Got it. Well that's what I've been trying to do. I definitely know there are bucks in there. Had cams there during the summer and there were tons of bucks there. Been in the same area during the open bull hunt and seen tons of bucks. Just seems to be the time frame from what I can tell.


----------



## JC HUNTER (May 18, 2015)

My buddy hunted an area on Wed where we've had a lot of luck in the past. He sat all day and only seen one 2 point. I got up there later in the afternoon and took him into a new spot that I stumbled across during the bow hunt. I had seen several deer in there and even killed my buck in there during the archery hunt. We spent the last couple of hours of light in this area and we didn't even see a doe. It just seems like the deer patterns completely changed from a few weeks ago. I wonder if it had something to do with the snow we got last week.


----------



## JC HUNTER (May 18, 2015)

Like Tall Tines said, if the deer are in there then they will get up and move eventually. I would stick with the glass and really focus on the south facing ridges in the morning.


----------



## Fowlmouth (Oct 4, 2008)

My 16 year old daughter has the Muzzy tag this year. So far we have just been sitting and waiting for a buck to get close enough to shoot. The most frustrating part is glassing so many deer out of range. We typically see around 60-100 deer in the evening in our spots. We were walking back to the Jeep last night and stumbled upon a doe and a decent buck, but he didn't give us time to do anything. 40 yards away, but was outta there quick. We will head back up again tonight and give it another go. I agree with using your binos and having patience. Good luck!


----------



## flyfisher20 (Aug 5, 2011)

After 3 days we have yet to see a buck. Actually it's been pretty difficult to even find does. Maybe they are being nocturnal as we've seen quite a few tracks in the snow and mud. From what I've seen they are staying in the aspen groves all day. Talked with several other hunters and nobody has seen a buck as of this afternoon. Not to mention that all trees are full of green leaves still. Can't remember a muzzy hunt up there with no leaves changing color yet.


----------



## Raptor1 (Feb 1, 2015)

Tall Tines said:


> In some cases in high pressure areas, I've witnessed the older smarter bucks that won't move or feed at all until around noon. I think they have figured out the hunters usually give up around 10 in the morning and are off the mountain back at camp, making this the safest time to get up and feed. The bigger bucks aren't stupid. They will pattern people, just like people pattern them.
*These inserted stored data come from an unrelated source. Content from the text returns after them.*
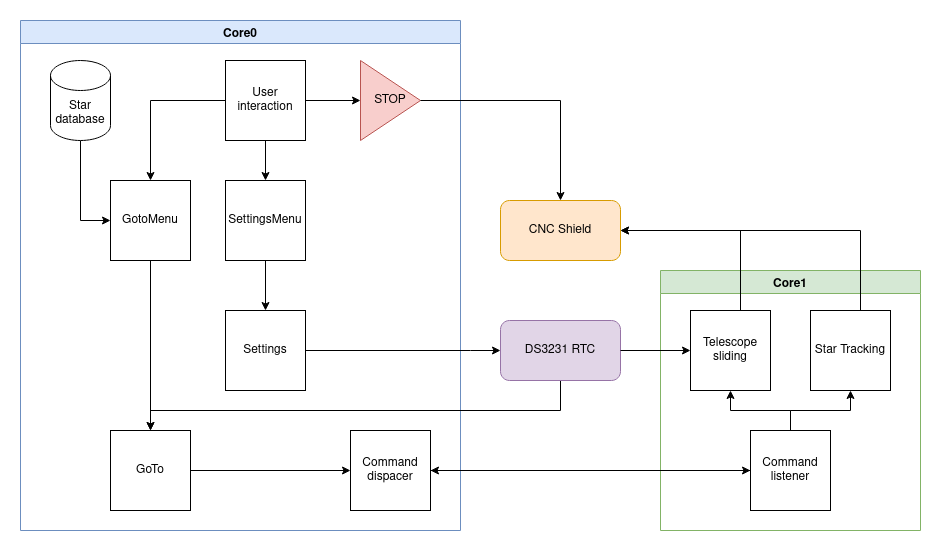

The diagram above was exported from draw.io. Its source (the exported page's mxGraphModel, read from the mxfile embedded in the PNG):
<mxGraphModel dx="2249" dy="1903" grid="1" gridSize="10" guides="1" tooltips="1" connect="1" arrows="1" fold="1" page="1" pageScale="1" pageWidth="827" pageHeight="1169" math="0" shadow="0">
  <root>
    <mxCell id="0" />
    <mxCell id="1" parent="0" />
    <mxCell id="Gfg7V5m970ZJkLpjjmsB-3" value="Core0" style="swimlane;fillColor=#dae8fc;strokeColor=#6c8ebf;" parent="1" vertex="1">
      <mxGeometry x="-100" y="-90" width="440" height="510" as="geometry">
        <mxRectangle x="120" y="40" width="70" height="23" as="alternateBounds" />
      </mxGeometry>
    </mxCell>
    <mxCell id="lOUgtBKH3D6t-CicbZu7-8" style="edgeStyle=orthogonalEdgeStyle;rounded=0;orthogonalLoop=1;jettySize=auto;html=1;entryX=0;entryY=0.5;entryDx=0;entryDy=0;" parent="Gfg7V5m970ZJkLpjjmsB-3" source="Gfg7V5m970ZJkLpjjmsB-8" target="lOUgtBKH3D6t-CicbZu7-7" edge="1">
      <mxGeometry relative="1" as="geometry" />
    </mxCell>
    <mxCell id="GKJpWBEKHZiumc-CYep6-2" style="edgeStyle=orthogonalEdgeStyle;rounded=0;orthogonalLoop=1;jettySize=auto;html=1;entryX=0.5;entryY=0;entryDx=0;entryDy=0;" edge="1" parent="Gfg7V5m970ZJkLpjjmsB-3" source="Gfg7V5m970ZJkLpjjmsB-8" target="GKJpWBEKHZiumc-CYep6-1">
      <mxGeometry relative="1" as="geometry" />
    </mxCell>
    <mxCell id="GKJpWBEKHZiumc-CYep6-6" style="edgeStyle=orthogonalEdgeStyle;rounded=0;orthogonalLoop=1;jettySize=auto;html=1;entryX=0.5;entryY=0;entryDx=0;entryDy=0;" edge="1" parent="Gfg7V5m970ZJkLpjjmsB-3" source="Gfg7V5m970ZJkLpjjmsB-8" target="GKJpWBEKHZiumc-CYep6-4">
      <mxGeometry relative="1" as="geometry" />
    </mxCell>
    <mxCell id="Gfg7V5m970ZJkLpjjmsB-8" value="User interaction" style="whiteSpace=wrap;html=1;aspect=fixed;" parent="Gfg7V5m970ZJkLpjjmsB-3" vertex="1">
      <mxGeometry x="205" y="40" width="80" height="80" as="geometry" />
    </mxCell>
    <mxCell id="iBuZSJoLO_maKHRmnYiR-3" style="edgeStyle=orthogonalEdgeStyle;rounded=0;orthogonalLoop=1;jettySize=auto;html=1;" parent="Gfg7V5m970ZJkLpjjmsB-3" source="Gfg7V5m970ZJkLpjjmsB-15" target="Gfg7V5m970ZJkLpjjmsB-9" edge="1">
      <mxGeometry relative="1" as="geometry" />
    </mxCell>
    <mxCell id="Gfg7V5m970ZJkLpjjmsB-15" value="GoTo" style="whiteSpace=wrap;html=1;aspect=fixed;" parent="Gfg7V5m970ZJkLpjjmsB-3" vertex="1">
      <mxGeometry x="90" y="410" width="80" height="80" as="geometry" />
    </mxCell>
    <mxCell id="Gfg7V5m970ZJkLpjjmsB-9" value="Command dispacer" style="whiteSpace=wrap;html=1;aspect=fixed;" parent="Gfg7V5m970ZJkLpjjmsB-3" vertex="1">
      <mxGeometry x="330" y="410" width="80" height="80" as="geometry" />
    </mxCell>
    <mxCell id="Gfg7V5m970ZJkLpjjmsB-18" value="Settings" style="whiteSpace=wrap;html=1;aspect=fixed;" parent="Gfg7V5m970ZJkLpjjmsB-3" vertex="1">
      <mxGeometry x="205" y="290" width="80" height="80" as="geometry" />
    </mxCell>
    <mxCell id="lOUgtBKH3D6t-CicbZu7-7" value="STOP" style="triangle;whiteSpace=wrap;html=1;fillColor=#f8cecc;strokeColor=#b85450;" parent="Gfg7V5m970ZJkLpjjmsB-3" vertex="1">
      <mxGeometry x="340" y="40" width="60" height="80" as="geometry" />
    </mxCell>
    <mxCell id="GKJpWBEKHZiumc-CYep6-5" style="edgeStyle=orthogonalEdgeStyle;rounded=0;orthogonalLoop=1;jettySize=auto;html=1;entryX=0;entryY=0.5;entryDx=0;entryDy=0;" edge="1" parent="Gfg7V5m970ZJkLpjjmsB-3" source="Gfg7V5m970ZJkLpjjmsB-19" target="GKJpWBEKHZiumc-CYep6-4">
      <mxGeometry relative="1" as="geometry" />
    </mxCell>
    <mxCell id="Gfg7V5m970ZJkLpjjmsB-19" value="Star database" style="shape=cylinder3;whiteSpace=wrap;html=1;boundedLbl=1;backgroundOutline=1;size=15;" parent="Gfg7V5m970ZJkLpjjmsB-3" vertex="1">
      <mxGeometry x="30" y="40" width="60" height="80" as="geometry" />
    </mxCell>
    <mxCell id="lOUgtBKH3D6t-CicbZu7-3" style="edgeStyle=orthogonalEdgeStyle;rounded=0;orthogonalLoop=1;jettySize=auto;html=1;exitX=0.5;exitY=1;exitDx=0;exitDy=0;exitPerimeter=0;" parent="Gfg7V5m970ZJkLpjjmsB-3" source="Gfg7V5m970ZJkLpjjmsB-19" target="Gfg7V5m970ZJkLpjjmsB-19" edge="1">
      <mxGeometry relative="1" as="geometry" />
    </mxCell>
    <mxCell id="GKJpWBEKHZiumc-CYep6-3" style="edgeStyle=orthogonalEdgeStyle;rounded=0;orthogonalLoop=1;jettySize=auto;html=1;entryX=0.5;entryY=0;entryDx=0;entryDy=0;" edge="1" parent="Gfg7V5m970ZJkLpjjmsB-3" source="GKJpWBEKHZiumc-CYep6-1" target="Gfg7V5m970ZJkLpjjmsB-18">
      <mxGeometry relative="1" as="geometry" />
    </mxCell>
    <mxCell id="GKJpWBEKHZiumc-CYep6-1" value="SettingsMenu" style="whiteSpace=wrap;html=1;aspect=fixed;" vertex="1" parent="Gfg7V5m970ZJkLpjjmsB-3">
      <mxGeometry x="205" y="160" width="80" height="80" as="geometry" />
    </mxCell>
    <mxCell id="GKJpWBEKHZiumc-CYep6-7" style="edgeStyle=orthogonalEdgeStyle;rounded=0;orthogonalLoop=1;jettySize=auto;html=1;entryX=0.5;entryY=0;entryDx=0;entryDy=0;" edge="1" parent="Gfg7V5m970ZJkLpjjmsB-3" source="GKJpWBEKHZiumc-CYep6-4" target="Gfg7V5m970ZJkLpjjmsB-15">
      <mxGeometry relative="1" as="geometry" />
    </mxCell>
    <mxCell id="GKJpWBEKHZiumc-CYep6-4" value="GotoMenu" style="whiteSpace=wrap;html=1;aspect=fixed;" vertex="1" parent="Gfg7V5m970ZJkLpjjmsB-3">
      <mxGeometry x="90" y="160" width="80" height="80" as="geometry" />
    </mxCell>
    <mxCell id="Gfg7V5m970ZJkLpjjmsB-5" value="Core1" style="swimlane;fillColor=#d5e8d4;strokeColor=#82b366;" parent="1" vertex="1">
      <mxGeometry x="540" y="160" width="260" height="260" as="geometry" />
    </mxCell>
    <mxCell id="Gfg7V5m970ZJkLpjjmsB-13" value="Star Tracking" style="whiteSpace=wrap;html=1;aspect=fixed;" parent="Gfg7V5m970ZJkLpjjmsB-5" vertex="1">
      <mxGeometry x="150" y="40" width="80" height="80" as="geometry" />
    </mxCell>
    <mxCell id="Gfg7V5m970ZJkLpjjmsB-12" value="Telescope sliding" style="whiteSpace=wrap;html=1;aspect=fixed;" parent="Gfg7V5m970ZJkLpjjmsB-5" vertex="1">
      <mxGeometry x="30" y="40" width="80" height="80" as="geometry" />
    </mxCell>
    <mxCell id="Gfg7V5m970ZJkLpjjmsB-42" style="edgeStyle=orthogonalEdgeStyle;rounded=0;orthogonalLoop=1;jettySize=auto;html=1;entryX=0.5;entryY=1;entryDx=0;entryDy=0;" parent="Gfg7V5m970ZJkLpjjmsB-5" source="Gfg7V5m970ZJkLpjjmsB-14" target="Gfg7V5m970ZJkLpjjmsB-13" edge="1">
      <mxGeometry relative="1" as="geometry" />
    </mxCell>
    <mxCell id="Gfg7V5m970ZJkLpjjmsB-43" style="edgeStyle=orthogonalEdgeStyle;rounded=0;orthogonalLoop=1;jettySize=auto;html=1;entryX=0.5;entryY=1;entryDx=0;entryDy=0;" parent="Gfg7V5m970ZJkLpjjmsB-5" source="Gfg7V5m970ZJkLpjjmsB-14" target="Gfg7V5m970ZJkLpjjmsB-12" edge="1">
      <mxGeometry relative="1" as="geometry" />
    </mxCell>
    <mxCell id="Gfg7V5m970ZJkLpjjmsB-14" value="Command listener" style="whiteSpace=wrap;html=1;aspect=fixed;" parent="Gfg7V5m970ZJkLpjjmsB-5" vertex="1">
      <mxGeometry x="90" y="160" width="80" height="80" as="geometry" />
    </mxCell>
    <mxCell id="Gfg7V5m970ZJkLpjjmsB-16" style="edgeStyle=orthogonalEdgeStyle;rounded=0;orthogonalLoop=1;jettySize=auto;html=1;" parent="1" source="Gfg7V5m970ZJkLpjjmsB-9" target="Gfg7V5m970ZJkLpjjmsB-14" edge="1">
      <mxGeometry relative="1" as="geometry" />
    </mxCell>
    <mxCell id="Gfg7V5m970ZJkLpjjmsB-17" style="edgeStyle=orthogonalEdgeStyle;rounded=0;orthogonalLoop=1;jettySize=auto;html=1;entryX=1;entryY=0.5;entryDx=0;entryDy=0;" parent="1" source="Gfg7V5m970ZJkLpjjmsB-14" target="Gfg7V5m970ZJkLpjjmsB-9" edge="1">
      <mxGeometry relative="1" as="geometry" />
    </mxCell>
    <mxCell id="lOUgtBKH3D6t-CicbZu7-9" value="CNC Shield" style="rounded=1;whiteSpace=wrap;html=1;fillColor=#ffe6cc;strokeColor=#d79b00;" parent="1" vertex="1">
      <mxGeometry x="380" y="90" width="120" height="60" as="geometry" />
    </mxCell>
    <mxCell id="lOUgtBKH3D6t-CicbZu7-12" style="edgeStyle=orthogonalEdgeStyle;rounded=0;orthogonalLoop=1;jettySize=auto;html=1;" parent="1" source="lOUgtBKH3D6t-CicbZu7-7" target="lOUgtBKH3D6t-CicbZu7-9" edge="1">
      <mxGeometry relative="1" as="geometry" />
    </mxCell>
    <mxCell id="GKJpWBEKHZiumc-CYep6-8" style="edgeStyle=orthogonalEdgeStyle;rounded=0;orthogonalLoop=1;jettySize=auto;html=1;entryX=0.5;entryY=0;entryDx=0;entryDy=0;" edge="1" parent="1" source="lOUgtBKH3D6t-CicbZu7-13" target="Gfg7V5m970ZJkLpjjmsB-15">
      <mxGeometry relative="1" as="geometry">
        <Array as="points">
          <mxPoint x="440" y="300" />
          <mxPoint x="30" y="300" />
        </Array>
      </mxGeometry>
    </mxCell>
    <mxCell id="lOUgtBKH3D6t-CicbZu7-13" value="DS3231 RTC" style="rounded=1;whiteSpace=wrap;html=1;fillColor=#e1d5e7;strokeColor=#9673a6;" parent="1" vertex="1">
      <mxGeometry x="380" y="210" width="120" height="60" as="geometry" />
    </mxCell>
    <mxCell id="lOUgtBKH3D6t-CicbZu7-17" style="edgeStyle=orthogonalEdgeStyle;rounded=0;orthogonalLoop=1;jettySize=auto;html=1;exitX=1;exitY=0.5;exitDx=0;exitDy=0;" parent="1" source="lOUgtBKH3D6t-CicbZu7-13" target="Gfg7V5m970ZJkLpjjmsB-12" edge="1">
      <mxGeometry relative="1" as="geometry" />
    </mxCell>
    <mxCell id="lOUgtBKH3D6t-CicbZu7-20" style="edgeStyle=orthogonalEdgeStyle;rounded=0;orthogonalLoop=1;jettySize=auto;html=1;entryX=0;entryY=0.5;entryDx=0;entryDy=0;" parent="1" source="Gfg7V5m970ZJkLpjjmsB-18" target="lOUgtBKH3D6t-CicbZu7-13" edge="1">
      <mxGeometry relative="1" as="geometry">
        <Array as="points">
          <mxPoint x="350" y="240" />
          <mxPoint x="350" y="240" />
        </Array>
      </mxGeometry>
    </mxCell>
    <mxCell id="lOUgtBKH3D6t-CicbZu7-23" style="edgeStyle=orthogonalEdgeStyle;rounded=0;orthogonalLoop=1;jettySize=auto;html=1;entryX=1;entryY=0.5;entryDx=0;entryDy=0;" parent="1" source="Gfg7V5m970ZJkLpjjmsB-12" target="lOUgtBKH3D6t-CicbZu7-9" edge="1">
      <mxGeometry relative="1" as="geometry">
        <Array as="points">
          <mxPoint x="620" y="120" />
        </Array>
      </mxGeometry>
    </mxCell>
    <mxCell id="lOUgtBKH3D6t-CicbZu7-24" style="edgeStyle=orthogonalEdgeStyle;rounded=0;orthogonalLoop=1;jettySize=auto;html=1;entryX=1;entryY=0.5;entryDx=0;entryDy=0;" parent="1" source="Gfg7V5m970ZJkLpjjmsB-13" target="lOUgtBKH3D6t-CicbZu7-9" edge="1">
      <mxGeometry relative="1" as="geometry">
        <Array as="points">
          <mxPoint x="740" y="120" />
        </Array>
      </mxGeometry>
    </mxCell>
  </root>
</mxGraphModel>

Saw this first hand this year, look in areas you wouldn't expect a deer to go. Some we saw this year were up in the cliffs where you might expect a goat to be. Got up around 1 ish and started to feed.


----------



## middlefork (Nov 2, 2008)

Deer seem to be a bit more territorial than say elk. You can bump them and they seem to just go around you and back to the same general area.

We were seeing deer early morning. Not so much in the evening.

Elk on the other hand can and will run for miles.


----------



## BPturkeys (Sep 13, 2007)

26 Miles, really, and only saw one little two point. It is exactly 26 miles, as the crow fly's, from the heart of Heber City to the ladders on Strawberry reservoir, you must not be seeing them or there ain't no deers left.


----------



## Brookie (Oct 26, 2008)

I believe the 26 miles. It happens.


----------



## bowhunt3r4l1f3 (Jan 12, 2011)

BPturkeys said:


> 26 Miles, really, and only saw one little two point. It is exactly 26 miles, as the crow fly's, from the heart of Heber City to the ladders on Strawberry reservoir, you must not be seeing them or there ain't no deers left.


Yup, 26 miles, tracked by the ol' Gaia GPS app. Hiked, not driven.

I'm actually closer to 50 as of Saturday. Seeing tons of doe, but that's about it. Luckily I was able to fill a control cow tag on Saturday. So tossed some meat in the freezer. Now if I could just get a buck...


----------